# Basra Issues Warrant for Two SAS Operatives....



## lesofprimus (Sep 24, 2005)

Basra warrant for two UK soldiers......

Petrol bombs were thrown at British armoured vehicles on Monday 
A Basra judge has issued an arrest warrant for two British soldiers after an Iraqi civilian was reportedly killed and a police officer injured. 
The two servicemen - believed to be undercover SAS officers - were detained after a confrontation on Monday. 

UK troops later freed the soldiers from Iraqi custody after storming a police station in the southern Iraqi city. 

Defence Secretary John Reid said no warrant had been received - and British personnel were immune from Iraqi laws. 

"The MoD has not received any arrest warrant relating to any British personnel in Iraq," he said. 

"Iraqi law is very clear: British forces remain subject to British jurisdiction. 

"Even if such a warrant was issued, it would therefore be of no legal effect." 

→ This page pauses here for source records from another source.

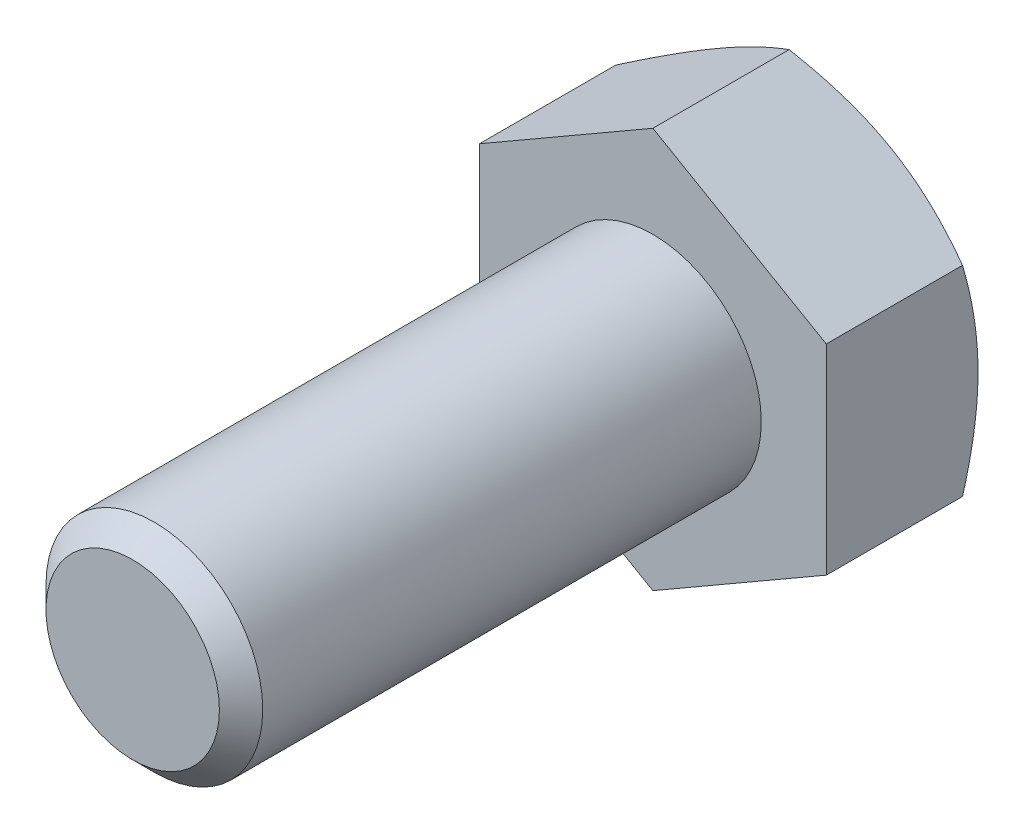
ISO-10303-21;
HEADER;
FILE_DESCRIPTION(('STEP AP214'),'2;1');
FILE_NAME('part.step','',(''),(''),'','','');
FILE_SCHEMA(('AUTOMOTIVE_DESIGN { 1 0 10303 214 1 1 1 1 }'));
ENDSEC;
DATA;
#1=APPLICATION_CONTEXT('core data for automotive mechanical design processes');
#2=APPLICATION_PROTOCOL_DEFINITION('international standard','automotive_design',2000,#1);
#3=PRODUCT_CONTEXT('',#1,'mechanical');
#4=PRODUCT('Part','Part','',(#3));
#5=PRODUCT_RELATED_PRODUCT_CATEGORY('part','',(#4));
#6=PRODUCT_DEFINITION_FORMATION('','',#4);
#7=PRODUCT_DEFINITION_CONTEXT('part definition',#1,'design');
#8=PRODUCT_DEFINITION('design','',#6,#7);
#9=PRODUCT_DEFINITION_SHAPE('','',#8);
#10=(LENGTH_UNIT() NAMED_UNIT(*) SI_UNIT(.MILLI.,.METRE.));
#11=(NAMED_UNIT(*) PLANE_ANGLE_UNIT() SI_UNIT($,.RADIAN.));
#12=(NAMED_UNIT(*) SI_UNIT($,.STERADIAN.) SOLID_ANGLE_UNIT());
#13=UNCERTAINTY_MEASURE_WITH_UNIT(LENGTH_MEASURE(1.E-05),#10,'distance_accuracy_value','');
#14=(GEOMETRIC_REPRESENTATION_CONTEXT(3) GLOBAL_UNCERTAINTY_ASSIGNED_CONTEXT((#13)) GLOBAL_UNIT_ASSIGNED_CONTEXT((#10,
#11,#12)) REPRESENTATION_CONTEXT('',''));
#15=CARTESIAN_POINT('',(0.,0.,0.));
#16=DIRECTION('',(0.,0.,1.));
#17=DIRECTION('',(1.,0.,0.));
#18=AXIS2_PLACEMENT_3D('',#15,#16,#17);
#19=CARTESIAN_POINT('',(0.,0.,12.));
#20=DIRECTION('',(0.,0.,1.));
#21=DIRECTION('',(1.,0.,0.));
#22=AXIS2_PLACEMENT_3D('',#19,#20,#21);
#23=PLANE('',#22);
#24=CARTESIAN_POINT('',(0.,0.,12.));
#25=DIRECTION('',(0.,0.,1.));
#26=DIRECTION('',(1.,0.,0.));
#27=AXIS2_PLACEMENT_3D('',#24,#25,#26);
#28=CIRCLE('',#27,2.);
#29=CARTESIAN_POINT('',(2.,0.,12.));
#30=VERTEX_POINT('',#29);
#31=EDGE_CURVE('E543',#30,#30,#28,.T.);
#32=ORIENTED_EDGE('',*,*,#31,.T.);
#33=EDGE_LOOP('',(#32));
#34=FACE_BOUND('',#33,.T.);
#35=ADVANCED_FACE('F369',(#34),#23,.T.);
#36=CARTESIAN_POINT('',(0.,0.,0.));
#37=DIRECTION('',(0.,0.,1.));
#38=DIRECTION('',(1.,0.,0.));
#39=AXIS2_PLACEMENT_3D('',#36,#37,#38);
#40=CYLINDRICAL_SURFACE('',#39,2.5);
#41=CARTESIAN_POINT('',(0.,0.,11.5));
#42=DIRECTION('',(0.,0.,1.));
#43=DIRECTION('',(1.,0.,0.));
#44=AXIS2_PLACEMENT_3D('',#41,#42,#43);
#45=CIRCLE('',#44,2.5);
#46=CARTESIAN_POINT('',(2.5,0.,11.5));
#47=VERTEX_POINT('',#46);
#48=EDGE_CURVE('E545',#47,#47,#45,.F.);
#49=ORIENTED_EDGE('',*,*,#48,.T.);
#50=EDGE_LOOP('',(#49));
#51=FACE_BOUND('',#50,.T.);
#52=CARTESIAN_POINT('',(0.,0.,0.));
#53=DIRECTION('',(0.,0.,1.));
#54=DIRECTION('',(1.,0.,0.));
#55=AXIS2_PLACEMENT_3D('',#52,#53,#54);
#56=CIRCLE('',#55,2.5);
#57=CARTESIAN_POINT('',(2.5,0.,0.));
#58=VERTEX_POINT('',#57);
#59=EDGE_CURVE('E546',#58,#58,#56,.F.);
#60=ORIENTED_EDGE('',*,*,#59,.F.);
#61=EDGE_LOOP('',(#60));
#62=FACE_BOUND('',#61,.T.);
#63=ADVANCED_FACE('F534',(#51,#62),#40,.T.);
#64=CARTESIAN_POINT('',(0.,0.,12.));
#65=DIRECTION('',(0.,0.,-1.));
#66=DIRECTION('',(-1.,0.,0.));
#67=AXIS2_PLACEMENT_3D('',#64,#65,#66);
#68=CONICAL_SURFACE('',#67,2.,0.785398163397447);
#69=ORIENTED_EDGE('',*,*,#48,.F.);
#70=EDGE_LOOP('',(#69));
#71=FACE_BOUND('',#70,.T.);
#72=ORIENTED_EDGE('',*,*,#31,.F.);
#73=EDGE_LOOP('',(#72));
#74=FACE_BOUND('',#73,.T.);
#75=ADVANCED_FACE('F539',(#71,#74),#68,.T.);
#76=CARTESIAN_POINT('',(0.,4.61880215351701,-3.5));
#77=DIRECTION('',(0.499999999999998,0.86602540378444,0.));
#78=DIRECTION('',(-0.86602540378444,0.499999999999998,0.));
#79=AXIS2_PLACEMENT_3D('',#76,#77,#78);
#80=PLANE('',#79);
#81=CARTESIAN_POINT('',(-0.000200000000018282,4.61891762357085,-3.14266774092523));
#82=CARTESIAN_POINT('',(0.17557915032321,4.51743148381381,-3.20128212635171));
#83=CARTESIAN_POINT('',(0.352875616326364,4.41506932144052,-3.25458967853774));
#84=CARTESIAN_POINT('',(0.710538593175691,4.2085725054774,-3.3476383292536));
#85=CARTESIAN_POINT('',(0.890911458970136,4.10443418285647,-3.3873465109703));
#86=CARTESIAN_POINT('',(1.24942181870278,3.89744813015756,-3.44915778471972));
#87=CARTESIAN_POINT('',(1.42750415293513,3.7946322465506,-3.47167226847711));
#88=CARTESIAN_POINT('',(1.7845067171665,3.58851671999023,-3.49854937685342));
#89=CARTESIAN_POINT('',(1.96342564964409,3.48521782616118,-3.50293425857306));
#90=CARTESIAN_POINT('',(2.29774284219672,3.29219970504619,-3.49380992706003));
#91=CARTESIAN_POINT('',(2.45319115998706,3.20245157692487,-3.48254104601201));
#92=CARTESIAN_POINT('',(2.76307505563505,3.02354002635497,-3.44682600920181));
#93=CARTESIAN_POINT('',(2.91750956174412,2.93437722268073,-3.42236765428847));
#94=CARTESIAN_POINT('',(3.22803232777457,2.75509682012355,-3.36122393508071));
#95=CARTESIAN_POINT('',(3.3840812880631,2.66500191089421,-3.32427939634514));
#96=CARTESIAN_POINT('',(3.69385183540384,2.48615580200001,-3.24042992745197));
#97=CARTESIAN_POINT('',(3.84757739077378,2.39740231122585,-3.19354469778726));
#98=CARTESIAN_POINT('',(4.0002,2.30928560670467,-3.14266774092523));
#99=B_SPLINE_CURVE_WITH_KNOTS('',3,(#81,#82,#83,#84,#85,#86,#87,#88,#89,#90,#91,#92,#93,#94,#95,
#96,#97,#98),.UNSPECIFIED.,.F.,.F.,(4,2,2,2,2,2,2,2,4),(0.,0.634047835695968,1.26961969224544,
1.88946157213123,2.50854226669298,3.04757825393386,3.58711366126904,4.13861653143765,
4.68903648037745),.UNSPECIFIED.);
#100=CARTESIAN_POINT('',(0.,4.61880215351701,-3.14273441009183));
#101=VERTEX_POINT('',#100);
#102=CARTESIAN_POINT('',(1.99999999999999,3.46410161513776,-3.5));
#103=VERTEX_POINT('',#102);
#104=EDGE_CURVE('E579',#101,#103,#99,.T.);
#105=ORIENTED_EDGE('',*,*,#104,.F.);
#106=DIRECTION('',(0.,0.,1.));
#107=VECTOR('',#106,1.);
#108=CARTESIAN_POINT('',(0.,4.61880215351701,-3.5));
#109=LINE('',#108,#107);
#110=CARTESIAN_POINT('',(0.,4.61880215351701,0.));
#111=VERTEX_POINT('',#110);
#112=EDGE_CURVE('E553',#101,#111,#109,.T.);
#113=ORIENTED_EDGE('',*,*,#112,.T.);
#114=DIRECTION('',(-0.86602540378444,0.499999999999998,0.));
#115=VECTOR('',#114,1.);
#116=CARTESIAN_POINT('',(0.,4.61880215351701,0.));
#117=LINE('',#116,#115);
#118=CARTESIAN_POINT('',(4.,2.30940107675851,0.));
#119=VERTEX_POINT('',#118);
#120=EDGE_CURVE('E577',#119,#111,#117,.T.);
#121=ORIENTED_EDGE('',*,*,#120,.F.);
#122=DIRECTION('',(0.,0.,1.));
#123=VECTOR('',#122,1.);
#124=CARTESIAN_POINT('',(4.,2.30940107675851,-3.5));
#125=LINE('',#124,#123);
#126=CARTESIAN_POINT('',(4.,2.30940107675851,-3.14273441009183));
#127=VERTEX_POINT('',#126);
#128=EDGE_CURVE('E550',#127,#119,#125,.T.);
#129=ORIENTED_EDGE('',*,*,#128,.F.);
#130=EDGE_CURVE('E509',#103,#127,#99,.T.);
#131=ORIENTED_EDGE('',*,*,#130,.F.);
#132=EDGE_LOOP('',(#105,#113,#121,#129,#131));
#133=FACE_BOUND('',#132,.T.);
#134=ADVANCED_FACE('F519',(#133),#80,.T.);
#135=CARTESIAN_POINT('',(4.,-2.30940107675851,-3.5));
#136=DIRECTION('',(1.,0.,0.));
#137=DIRECTION('',(0.,0.,-1.));
#138=AXIS2_PLACEMENT_3D('',#135,#136,#137);
#139=PLANE('',#138);
#140=CARTESIAN_POINT('',(4.,-6.3201620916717,-1.49105074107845));
#141=CARTESIAN_POINT('',(4.,-6.14442149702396,-1.57676392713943));
#142=CARTESIAN_POINT('',(4.,-5.96828976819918,-1.66168830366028));
#143=CARTESIAN_POINT('',(4.,-5.61503642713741,-1.82951794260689));
#144=CARTESIAN_POINT('',(4.,-5.43791467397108,-1.91242290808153));
#145=CARTESIAN_POINT('',(4.,-5.08161610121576,-2.07616457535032));
#146=CARTESIAN_POINT('',(4.,-4.90243340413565,-2.15698853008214));
#147=CARTESIAN_POINT('',(4.,-4.54268290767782,-2.31548071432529));
#148=CARTESIAN_POINT('',(4.,-4.36211517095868,-2.3931490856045));
#149=CARTESIAN_POINT('',(4.,-3.99309046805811,-2.54709429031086));
#150=CARTESIAN_POINT('',(4.,-3.80457523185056,-2.62323217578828));
#151=CARTESIAN_POINT('',(4.,-3.42538286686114,-2.77002330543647));
#152=CARTESIAN_POINT('',(4.,-3.23470550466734,-2.84067595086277));
#153=CARTESIAN_POINT('',(4.,-2.85120603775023,-2.9747272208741));
#154=CARTESIAN_POINT('',(4.,-2.65838877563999,-3.03813956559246));
#155=CARTESIAN_POINT('',(4.,-2.26999073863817,-3.15575322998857));
#156=CARTESIAN_POINT('',(4.,-2.07441081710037,-3.2099573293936));
#157=CARTESIAN_POINT('',(4.,-1.68146389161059,-3.30634238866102));
#158=CARTESIAN_POINT('',(4.,-1.48411388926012,-3.34859141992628));
#159=CARTESIAN_POINT('',(4.,-1.08684206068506,-3.41875684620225));
#160=CARTESIAN_POINT('',(4.,-0.886920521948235,-3.44667482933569));
#161=CARTESIAN_POINT('',(4.,-0.488161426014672,-3.48559194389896));
#162=CARTESIAN_POINT('',(4.,-0.289346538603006,-3.49681761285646));
#163=CARTESIAN_POINT('',(4.,0.108530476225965,-3.5020027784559));
#164=CARTESIAN_POINT('',(4.,0.307592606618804,-3.49596206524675));
#165=CARTESIAN_POINT('',(4.,0.642130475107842,-3.47173841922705));
#166=CARTESIAN_POINT('',(4.,0.777947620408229,-3.45796321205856));
#167=CARTESIAN_POINT('',(4.,1.04865722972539,-3.42317125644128));
#168=CARTESIAN_POINT('',(4.,1.18354957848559,-3.4021536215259));
#169=CARTESIAN_POINT('',(4.,1.58661718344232,-3.32933470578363));
#170=CARTESIAN_POINT('',(4.,1.85305348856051,-3.2677780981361));
#171=CARTESIAN_POINT('',(4.,2.25169312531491,-3.16013293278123));
#172=CARTESIAN_POINT('',(4.,2.38593642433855,-3.12116080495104));
#173=CARTESIAN_POINT('',(4.,2.65312122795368,-3.03894486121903));
#174=CARTESIAN_POINT('',(4.,2.78606272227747,-2.99570101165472));
#175=CARTESIAN_POINT('',(4.,3.05068341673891,-2.90565399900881));
#176=CARTESIAN_POINT('',(4.,3.18236294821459,-2.8588518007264));
#177=CARTESIAN_POINT('',(4.,3.44461473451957,-2.76226098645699));
#178=CARTESIAN_POINT('',(4.,3.57518701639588,-2.71247244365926));
#179=CARTESIAN_POINT('',(4.,3.93177798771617,-2.57257226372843));
#180=CARTESIAN_POINT('',(4.,4.15680215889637,-2.47992787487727));
#181=CARTESIAN_POINT('',(4.,4.60447894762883,-2.28905562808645));
#182=CARTESIAN_POINT('',(4.,4.82713127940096,-2.19082710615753));
#183=CARTESIAN_POINT('',(4.,5.27061186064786,-1.99013448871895));
#184=CARTESIAN_POINT('',(4.,5.49143940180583,-1.88766883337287));
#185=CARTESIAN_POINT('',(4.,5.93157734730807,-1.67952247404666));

British forces spokesman Major Steve Melbourne said the two men had immunity from prosecution under an arrangement between the Iraqi government and coalition forces. 

But he said the UK would "work closely" with the Iraqi investigation team, and with the Iraqi government. 

"This has started and we'll see what comes from that into the events of Monday night." 

However, the judge told the BBC he was not convinced the two men were British and therefore would not be immune from arrest and possible prosecution in Iraq. 

BBC correspondent Richard Galpin said that if the men were found guilty of deliberately killing an Iraqi civilian they could face life imprisonment. 

It was widely believed that the soldiers on an intelligence mission in the city when they were challenged by Iraqi police officers, our correspondent said. 

Iraqi police and the interior ministry say that the soldiers opened fire when challenged. 

The BBC's Caroline Hawley said the issuing of the warrant indicated there was "a lot of local politicking going on". 

"This judge knows that, certainly in some circles, what happened [on Monday] was extremely unpopular," she said. 

News of the warrant follows a week in which authorities in Basra said they would not co-operate with UK troops. 

Basra's governor, Mohammed al-Waili, said there would be no co-operation until there was an apology for the raid to free the soldiers. 

The UK has defended its action, saying the soldiers were handed to militiamen by rogue elements in the police, but Interior Minister Baqir Solagh Jabr has denied this. 

British troops have reduced their presence on the Iraqi city's streets. 

On Wednesday, Iraqi Prime Minister Ibrahim Jaafari and Mr Reid said the unrest had not strained relations between the two countries.


----------



## Gnomey (Sep 24, 2005)

I read about this on the BBC News Website - weird. Something has got to be going on.


----------



## DerAdlerIstGelandet (Sep 25, 2005)

This all has to do with the soldiers who broke into the prison and rescued some people. I think it goes deeper than either country is willing to tell.


----------



## evangilder (Sep 25, 2005)

I don't believe that we will ever know the whole story. Something smells of an op gone VERY wrong.


----------



## Erich (Sep 25, 2005)

I will refrain from making comment except to say : the Iraquis are quite lucky they did not lose a host of soldiers with this incident


----------



## DerAdlerIstGelandet (Sep 25, 2005)

I agree I think it was some secret squirrel shit that went bad.


----------



## Erich (Sep 25, 2005)

actually quite sad that the frickin media got wind of this and will now try and warp humanities eyes with their own version as to what really happened. We fought crap like this in Nam and elsewhere, and it continues today


----------



## DerAdlerIstGelandet (Sep 25, 2005)

That I can believe too. CNN is going to warp it to get a good story.


----------



## plan_D (Oct 30, 2005)

Not really, they put the story up in the light for a few days, now nothing. I'm amazed by the tank commander that abandoned his position when it was assault by the mob. 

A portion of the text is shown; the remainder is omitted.